- Genre: Game show
- Presented by: Alistair McHarg (1964); Richard Wilkins (1992–93);
- Narrated by: Craig Huggins (1992–93)
- Theme music composer: Rick Turk (1992–93)
- Country of origin: Australia
- Original language: English
- No. of seasons: 2

Production
- Running time: 30 minutes
- Production company: Grundy Television (1992–93)

Original release
- Network: Nine Network
- Release: 2 March – 5 June 1964
- Release: 30 November 1992 – 26 February 1993

Related
- Keynotes (UK version)

= Keynotes (Australian game show) =

Keynotes is an Australian game show that aired on the Nine Network. It originally ran from 2 March to 5 June 1964 with Alistair McHarg as host. It was revived from 30 November 1992 to 26 February 1993 with Richard Wilkins as host and Melbourne radio host Craig Huggins as announcer and voice over.

==Format==
According to the host, the aim of the game was for "two teams of players (one colored pink and are the champions, the other colored blue and are the challengers), to try to put the right words in the right songs and see how well they can follow the bouncing ball to solve our puzzle song."

===First three rounds===
A series of nine squares are presented - with each square hiding a note in a "familiar" tune. The host gives the contestants notes 1, 5, and 9 in all 3 rounds; note 7 was usually added as well in round 3.

A member of each team (which consists of three players each) joins the host at the central podium, where they have three coloured buttons (red, blue & yellow) each. A card is randomly selected from the host, which represents the note which is set to be revealed. Three words attached to that number are provided which could represent the next word in a given tune. The contestant who is the quickest to select the correct word after hearing the start of this tune is given the note represented by that selected card. If neither contestant is able to select the correct word, the note goes in as a blank and two new players are brought up to play for two keynotes (and so on).
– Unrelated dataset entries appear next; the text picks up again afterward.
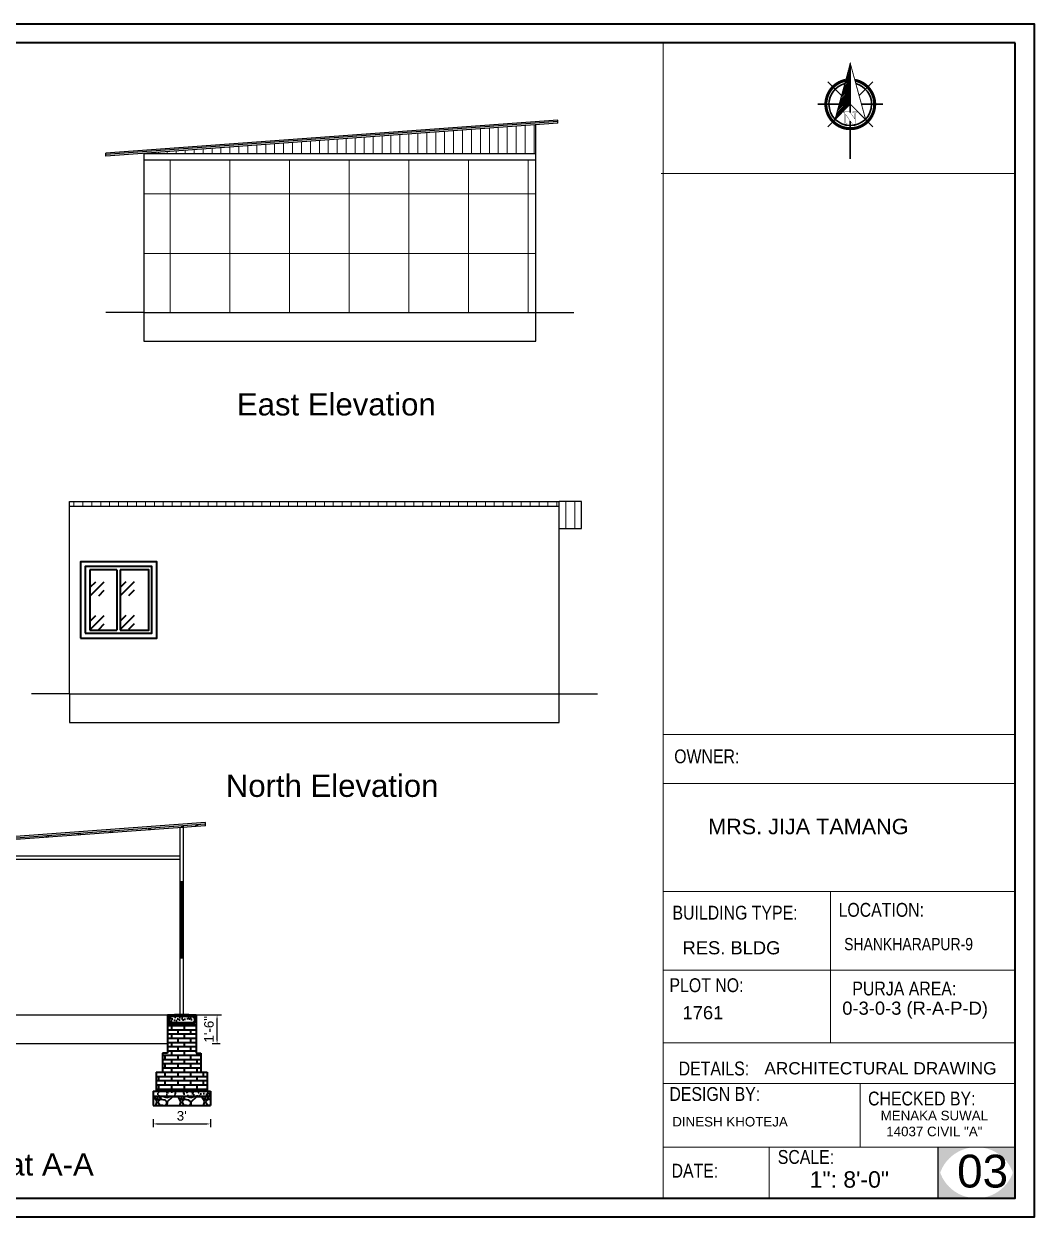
# Model space of a CAD drawing. Header units: inches. Extents: x 367408 to 389323, y -53247 to -41521.
# Drawn here: x 378186 to 378821, y -53247 to -52496 of the extents above; entities that cross this region are included whole.
import ezdxf

# ---------------------------------------------------------------- set-up
doc = ezdxf.new("R2010")
doc.units = ezdxf.units.IN
doc.header["$LTSCALE"] = 2
doc.header["$MEASUREMENT"] = 0
doc.header["$PDMODE"] = 34
doc.layers.get('0').update_dxf_attribs({"linetype": 'CONTINUOUS'})
doc.layers.get('DEFPOINTS').update_dxf_attribs({"color": 141, "linetype": 'CONTINUOUS'})
for name, color, linetype, lineweight in [('1', 7, 'CONTINUOUS', 13), ('DIMENTION', 140, 'CONTINUOUS', 0), ('door', 20, 'CONTINUOUS', 35), ('Rebars', 1, 'CONTINUOUS', 13), ('Siteplan', 7, 'CONTINUOUS', 30), ('steps', 253, 'CONTINUOUS', 20), ('TEXT', 181, 'CONTINUOUS', 25)]:
    doc.layers.add(name, color=color, linetype=linetype, lineweight=lineweight)
doc.layers.add('Normal Wall', color=7, linetype='CONTINUOUS', lineweight=35, true_color=0xffaf89)
doc.layers.add('Rear Wall', color=7, linetype='CONTINUOUS', lineweight=20, true_color=0xd4e480)
doc.styles.add('Lettring Text', font='arial.ttf')
doc.styles.get("Standard").update_dxf_attribs({"font": 'ARIALN.TTF'})
doc.styles.add('SwissBT', font='swiss.ttf', dxfattribs={"height": 12})
doc.dimstyles.new('Copy of Standard', dxfattribs={"dimtxt": 6, "dimasz": 2.875, "dimexe": 2, "dimexo": 4, "dimgap": 2, "dimtad": 1, "dimdec": 0, "dimrnd": 1, "dimzin": 0, "dimdsep": 46, "dimlunit": 4, "dimtxsty": 'Lettring Text', "dimcen": 0.1, "dimclrd": 7, "dimclre": 7, "dimclrt": 7, "dimazin": 0, "dimtfac": 0.645, "dimtdec": 0, "dimtmove": 1, "dimatfit": 0, "dimfxl": 3, "dimfxlon": 1, "dimtfillclr": 256, "dimtolj": 1, "dimtzin": 0, "dimlwd": -1, "dimlwe": -1, "dimarcsym": 2})
pattern_1 = [(90, (-1295.9726, -830.7557), (-5.625, 0), [])]
pattern_2 = [(50, (313956.7385, 63392.525), (5.73808146, -0.50201708), [0.6, -6.6]), (355, (313956.7385, 63392.525), (-1.11001067, 6.01753707), [0.48, -5.28]), (100.4514, (313957.2167, 63392.4834), (4.62807505, 5.51551634), [0.50992152, -5.6091369]), (46.1842, (313956.7385, 63394.125), (8.5379284, -1.3241521), [0.9, -9.9]), (96.6356, (313957.45, 63394.015), (7.47730164, 7.79294297), [0.7648823, -8.413704]), (351.1842, (313956.7385, 63394.125), (7.47729556, 7.7929488), [0.72, -7.92]), (21, (313957.5385, 63393.725), (4.77525642, -3.22095113), [0.6, -6.6]), (326, (313957.5385, 63393.725), (1.94652266, 5.80120036), [0.48, -5.28]), (71.4514, (313957.9365, 63393.457), (6.72178103, 2.58024397), [0.50992152, -5.6091369]), (37.5, (313956.7385, 63392.5252), (0.097278843, 2.66315083), [0, -5.216, 0, -5.36, 0, -5.3]), (7.5, (313956.7385, 63392.5252), (2.1045563, 3.155293695), [0, -3.056, 0, -5.096, 0, -2.02]), (327.5, (313954.9545, 63392.5252), (4.27057949, -0.180438974), [0, -2, 0, -6.24, 0, -8.28]), (317.5, (313954.1545, 63392.5252), (4.66548935, 0.80083986), [0, -2.6, 0, -4.144, 0, -5.88])]

# ---------------------------------------------------------------- blocks, each defined once
blk = doc.blocks.new('*X29')
at = {"color": 0}
for p, q in [((146.95, -410.95), (147.62, -410.29)), ((147.15, -410.22), (147.62, -409.76)), ((147.35, -409.49), (147.62, -409.23)), ((147.55, -408.76), (147.62, -408.7)), ((145.56, -416.06), (147.62, -414)), ((145.76, -415.33), (147.62, -413.47)), ((145.96, -414.6), (147.62, -412.94)), ((146.16, -413.87), (147.62, -412.41)), ((146.36, -413.14), (147.62, -411.88)), ((146.55, -412.41), (147.62, -411.35)), ((146.75, -411.68), (147.62, -410.82)), ((143.96, -421.9), (147.62, -418.24)), ((144.16, -421.17), (147.62, -417.71)), ((144.36, -420.44), (147.62, -417.18)), ((144.56, -419.71), (147.62, -416.65)), ((144.76, -418.98), (147.62, -416.12)), ((144.96, -418.25), (147.62, -415.59)), ((145.16, -417.52), (147.62, -415.06)), ((145.36, -416.79), (147.62, -414.53)), ((142.76, -426.28), (147.62, -421.42)), ((142.96, -425.55), (147.62, -420.89)), ((143.16, -424.82), (147.62, -420.36)), ((143.36, -424.09), (147.62, -419.83)), ((143.56, -423.36), (147.62, -419.3)), ((143.76, -422.63), (147.62, -418.77))]:
    blk.add_line(p, q, dxfattribs=at)
blk = doc.blocks.new('NORTH_15')
for p, q in [((0, 3.66), (0, 10.62)), ((-2.87, 2.87), (-7.37, 7.37)), ((2.87, 2.87), (7.37, 7.37)), ((-13.37, 0), (2.72, 0)), ((5.49, 0), (17.83, 0)), ((-2.87, -2.87), (-7.37, -7.37)), ((0, -3.66), (0, -10.62)), ((2.87, -2.87), (7.37, -7.37))]:
    blk.add_line(p, q)
at = {"const_width": 1}
for points in [[(0, -8, 1), (0, 8, 0.359415), (-7.86, 1.52, 1)], [(-7.86, -1.52, 0.359415), (0, -8, 1)]]:
    blk.add_lwpolyline(points, format="xyb", dxfattribs=at)
for points, const_width in [([(4.96, -5.01), (-13.37, 0), (4.9, 5), (0, 0), (4.96, -5.01)], 0.3), ([(5.93, -1.55), (6, -1.55), (6.07, -1.54), (6.13, -1.53), (6.17, -1.52), (6.22, -1.51), (6.26, -1.49), (6.28, -1.47), (6.3, -1.45), (6.32, -1.42), (6.33, -1.39), (6.35, -1.34), (6.36, -1.29), (6.37, -1.23), (6.38, -1.16), (6.38, -1.08), (6.38, -1), (6.54, -1), (6.54, -2.34), (6.38, -2.34), (6.38, -2.3), (6.38, -2.23), (6.38, -2.16), (6.37, -2.09), (6.36, -2.04), (6.35, -1.99), (6.33, -1.95), (6.32, -1.91), (6.3, -1.88), (6.28, -1.86), (6.26, -1.83), (6.22, -1.81), (6.18, -1.8), (6.13, -1.78), (6.07, -1.77), (6.01, -1.76), (5.95, -1.76), (2.66, -1.76), (2.66, -2.34), (2.5, -2.34), (2.5, -0.16), (4.71, 1.44), (3.14, 1.44), (3.07, 1.44), (3, 1.43), (2.94, 1.42), (2.89, 1.41), (2.85, 1.4), (2.81, 1.38), (2.78, 1.36), (2.76, 1.34), (2.74, 1.31), (2.72, 1.27), (2.7, 1.22), (2.69, 1.17), (2.68, 1.11), (2.67, 1.04), (2.66, 0.97), (2.66, 0.89), (2.66, 0.87), (2.5, 0.87), (2.5, 2.21), (2.66, 2.21), (2.66, 2.17), (2.66, 2.09), (2.67, 2.03), (2.68, 1.97), (2.69, 1.91), (2.7, 1.86), (2.71, 1.82), (2.73, 1.78), (2.75, 1.76), (2.77, 1.74), (2.8, 1.72), (2.85, 1.7), (2.89, 1.68), (2.94, 1.67), (3, 1.66), (3.07, 1.66), (3.14, 1.66), (6.54, 1.66), (6.54, 0.75), (3.33, -1.55), (5.93, -1.55), (5.93, -1.55)], 0.1)]:
    blk.add_lwpolyline(points, dxfattribs=dict(const_width=const_width))
for start, end in [(90, 164.973), (270, 90), (195.027, 270)]:
    blk.add_arc((0, 0), 7, start, end)
at = {"rotation": 90}
blk.add_blockref('*X29', (-421.89, -147.62), dxfattribs=at)
blk = doc.blocks.new('A$C0BDB7EE9')
at = {"layer": 'Siteplan', "xscale": 2.999999999999779, "yscale": 2.999999999999779, "zscale": 2.999999999999779, "rotation": 247.8612575918487}
blk.add_blockref('NORTH_15', (20.2, 49.5), dxfattribs=at)
blk = doc.blocks.new('A$C327B4BBD')
at = {"layer": 'DIMENTION', "ltscale": 0.3, "xscale": 1.171875000000082, "yscale": 1.171875000000082, "zscale": 1.171875000000082, "rotation": 112.1387424081494}
blk.add_blockref('A$C0BDB7EE9', (16.1, 0), dxfattribs=at)
blk = doc.blocks.new('*D1383')
at = {"color": 7, "transparency": 16777216}
for p, q in [((378304.2, -53119.7), (378309.2, -53119.7)), ((378307.2, -53134.83), (378307.2, -53122.57)), ((378304.2, -53137.7), (378309.2, -53137.7))]:
    blk.add_line(p, q, dxfattribs=at)
at = {"color": 7, "linetype": 'ByBlock', "transparency": 16777216}
for points in [[(378306.72, -53122.57), (378307.68, -53122.57), (378307.2, -53119.7)], [(378306.72, -53134.83), (378307.68, -53134.83), (378307.2, -53137.7)]]:
    blk.add_solid(points, dxfattribs=at)
at = {"layer": 'DEFPOINTS', "color": 0, "linetype": 'ByBlock', "transparency": 16777216}
for p in [(378293.99, -53119.7), (378307.2, -53119.7), (378293.99, -53137.7)]:
    blk.add_point(p, dxfattribs=at)
at = {"color": 7, "linetype": 'ByBlock', "lineweight": 5, "transparency": 16777216, "insert": (378302.13, -53128.7), "char_height": 6, "attachment_point": 5, "rotation": 90, "style": 'Lettring Text'}
blk.add_mtext('\\A1;1\'-6"', dxfattribs=at)
blk = doc.blocks.new('*D1384')
at = {"color": 7, "transparency": 16777216}
for p, q in [((378266.99, -53185.23), (378266.99, -53190.23)), ((378269.86, -53188.23), (378300.11, -53188.23)), ((378302.99, -53185.23), (378302.99, -53190.23))]:
    blk.add_line(p, q, dxfattribs=at)
at = {"color": 7, "linetype": 'ByBlock', "transparency": 16777216}
for points in [[(378269.86, -53187.75), (378269.86, -53188.71), (378266.99, -53188.23)], [(378300.11, -53187.75), (378300.11, -53188.71), (378302.99, -53188.23)]]:
    blk.add_solid(points, dxfattribs=at)
at = {"layer": 'DEFPOINTS', "color": 0, "linetype": 'ByBlock', "transparency": 16777216}
for p in [(378266.99, -53173.7), (378302.99, -53173.7), (378302.99, -53188.23)]:
    blk.add_point(p, dxfattribs=at)
at = {"color": 7, "linetype": 'ByBlock', "lineweight": 5, "transparency": 16777216, "insert": (378284.99, -53183.16), "char_height": 6, "attachment_point": 5, "style": 'Lettring Text'}
blk.add_mtext("\\A1;3'", dxfattribs=at)

msp = doc.modelspace()

# ---------------------------------------------------------------- hatches: boundary and pattern name
msp.add_hatch(color=0).paths.add_polyline_path([(378809.08, -53202.82), (378784.77, -53202.82, -0.414214), (378809.08, -53227.13)])
at = {"layer": '1', "ltscale": 5}
h = msp.add_hatch(dxfattribs=at)
h.set_pattern_fill('ANSI37', color=256, scale=300, angle=45, style=0)
h.set_pattern_definition([(90, (202.787, -590.833), (-37.5, 0), []), (180, (202.787, -590.833), (-4e-15, -37.5), [])])
h.paths.add_polyline_path([(378507.55, -52581.84), (378261.21, -52581.84), (378261.21, -52677.84), (378507.55, -52677.84)])
at = {"layer": 'door', "ltscale": 0.5}
h = msp.add_hatch(dxfattribs=at)
h.set_pattern_fill('GOST_GLASS', color=256, scale=2.5)
h.set_pattern_definition([(45, (15693.798, -22202.941), (21.21320344, 0), [12.5, -17.5]), (45, (15699.101, -22202.941), (21.21320344, 0), [5, -25]), (45, (15693.798, -22197.638), (21.21320344, 0), [5, -25])])
h.paths.add_polyline_path([(378244.26, -52839.81), (378227.26, -52839.62), (378227.26, -52877.62), (378244.26, -52877.81)])
h = msp.add_hatch(dxfattribs=at)
h.set_pattern_fill('GOST_GLASS', color=256, scale=2.5)
h.set_pattern_definition([(45, (15712.798, -22202.756), (21.21320344, 0), [12.5, -17.5]), (45, (15718.101, -22202.756), (21.21320344, 0), [5, -25]), (45, (15712.798, -22197.453), (21.21320344, 0), [5, -25])])
h.paths.add_polyline_path([(378264.26, -52839.62), (378246.26, -52839.62), (378246.26, -52877.62), (378264.26, -52877.62)])
h = msp.add_hatch(dxfattribs=at)
h.set_pattern_fill('AR-CONC', color=256, scale=0.8, style=0)
h.set_pattern_definition(pattern_2)
h.paths.add_polyline_path([(378293.99, -53119.7), (378275.99, -53119.7), (378275.99, -53125.7), (378293.99, -53125.7), (378293.99, -53120.65)])
h.paths.add_polyline_path([(378292.99, -53120.65), (378292.99, -53124.7), (378276.99, -53124.7), (378276.99, -53120.65), (378277.29, -53120.65, -0.049683), (378277.35, -53120.65)], flags=16)
h.paths.add_polyline_path([(378292.98, -53120.98, -1), (378292.31, -53120.98, -1)], flags=0)
h.paths.add_polyline_path([(378292.99, -53124.36, -1), (378292.32, -53124.36, -1)], flags=16)
h.paths.add_polyline_path([(378277.65, -53124.36, -1), (378276.99, -53124.36, -1)], flags=16)
h = msp.add_hatch(dxfattribs=at)
h.set_pattern_fill('AR-CONC', color=256, scale=0.8, style=0)
h.set_pattern_definition(pattern_2)
h.paths.add_polyline_path([(378292.99, -53120.65), (378276.99, -53120.65), (378276.99, -53124.7), (378292.99, -53124.7)])
h = msp.add_hatch(color=256, dxfattribs=at)
h.paths.add_polyline_path([(378277.65, -53120.98, 0.385424), (378277.35, -53120.65), (378277.29, -53120.65, 0.385424), (378276.99, -53120.98, 1)])
h.paths.add_polyline_path([(378276.99, -53124.36, 1), (378277.65, -53124.36, 1)])
h.paths.add_polyline_path([(378292.31, -53120.98, 1), (378292.98, -53120.98, 1)])
h.paths.add_polyline_path([(378292.32, -53124.36, 1), (378292.99, -53124.36, 1)])
at = {"layer": 'door', "ltscale": 0.5, "transparency": 33554648}
h = msp.add_hatch(dxfattribs=at)
h.set_pattern_fill('AR-BRSTD', color=256)
h.set_pattern_definition([(0, (222882.6645, -26232.2691), (0, 2.667), []), (90, (222882.6645, -26232.269), (-4, 2.667), [2.667, -2.667])])
h.paths.add_polyline_path([(378293.99, -53125.7), (378275.99, -53125.7), (378275.99, -53143.7), (378293.99, -53143.7)])
h.paths.add_polyline_path([(378296.99, -53143.7), (378272.99, -53143.7), (378272.99, -53155.7), (378293.99, -53155.7), (378296.99, -53155.7)])
h.paths.add_polyline_path([(378300.99, -53155.7), (378293.99, -53155.7), (378272.99, -53155.7), (378268.99, -53155.7), (378268.99, -53167.7), (378300.99, -53167.7)])
at = {"layer": 'door', "ltscale": 0.5}
h = msp.add_hatch(dxfattribs=at)
h.set_pattern_fill('AR-CONC', color=256, style=0)
h.set_pattern_definition([(50, (373517.246, 15275.184), (7.17260183, -0.62752135), [0.75, -8.25]), (355, (373517.246, 15275.184), (-1.3875133, 7.5219213), [0.6, -6.6]), (100.4514, (373517.844, 15275.1316), (5.7850938, 6.8943954), [0.6374019, -7.0114211]), (46.1842, (373517.246, 15277.184), (10.6724105, -1.6551901), [1.125, -12.375]), (96.6356, (373518.135, 15277.046), (9.346627, 9.7411787), [0.9561029, -10.51713]), (351.1842, (373517.246, 15277.184), (9.3466195, 9.741186), [0.9, -9.9]), (21, (373518.246, 15276.684), (5.9690705, -4.0261889), [0.75, -8.25]), (326, (373518.246, 15276.684), (2.4331533, 7.25150045), [0.6, -6.6]), (71.4514, (373518.7434, 15276.3484), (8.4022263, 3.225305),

The team that the winning representative came from then has the opportunity to guess the main tune by listening to the already-revealed notes and following the rhythm of the bouncing ball. If the team can correctly name that tune, they win the round and receive a cash prize which doubles for each round. If not, the round continues, rotating through the various members of both teams. If neither of the teams can work out the song before all nine notes are revealed - then the prize for that round is lost and the players go on to the next round.

The cash values for correctly identifying the song in the first three rounds are $300 in round 1, $600 in round 2, and $1,200 in round 3, with a maximum possible total of $2,100. The team with the most money at the end of the game wins the game, keeps their cash, and goes on to play for prizes worth double their main game cash winnings.

===Bonus round===
The winning team attempts to win double their cash winnings in prizes from the first three rounds. The team must attempt to uncover the nine notes of the final tune over the course of 30 seconds, by using a buzzer to stop a random flashing light in order to choose a note, and then picking the correct next word, as in the first three rounds. However, the final tune is only played once, at the end of the 30 seconds. If any of the questions representing the notes are not answered correctly within the time limit, they will not be revealed in the playing of the final tune. If the team can correctly identify the final tune, they win double the money in prizes.

Champions can stay on the program for up to five shows, and if they succeed in surviving those five shows, they also win a holiday. The maximum possible winnings in total is therefore $4,200 per show, and a team retires after 5 shows with a maximum amount of $21,000 plus the holiday.

==See also==
- Binnie Time - A musical quiz which aired 1958-1959 on the Nine station in Melbourne.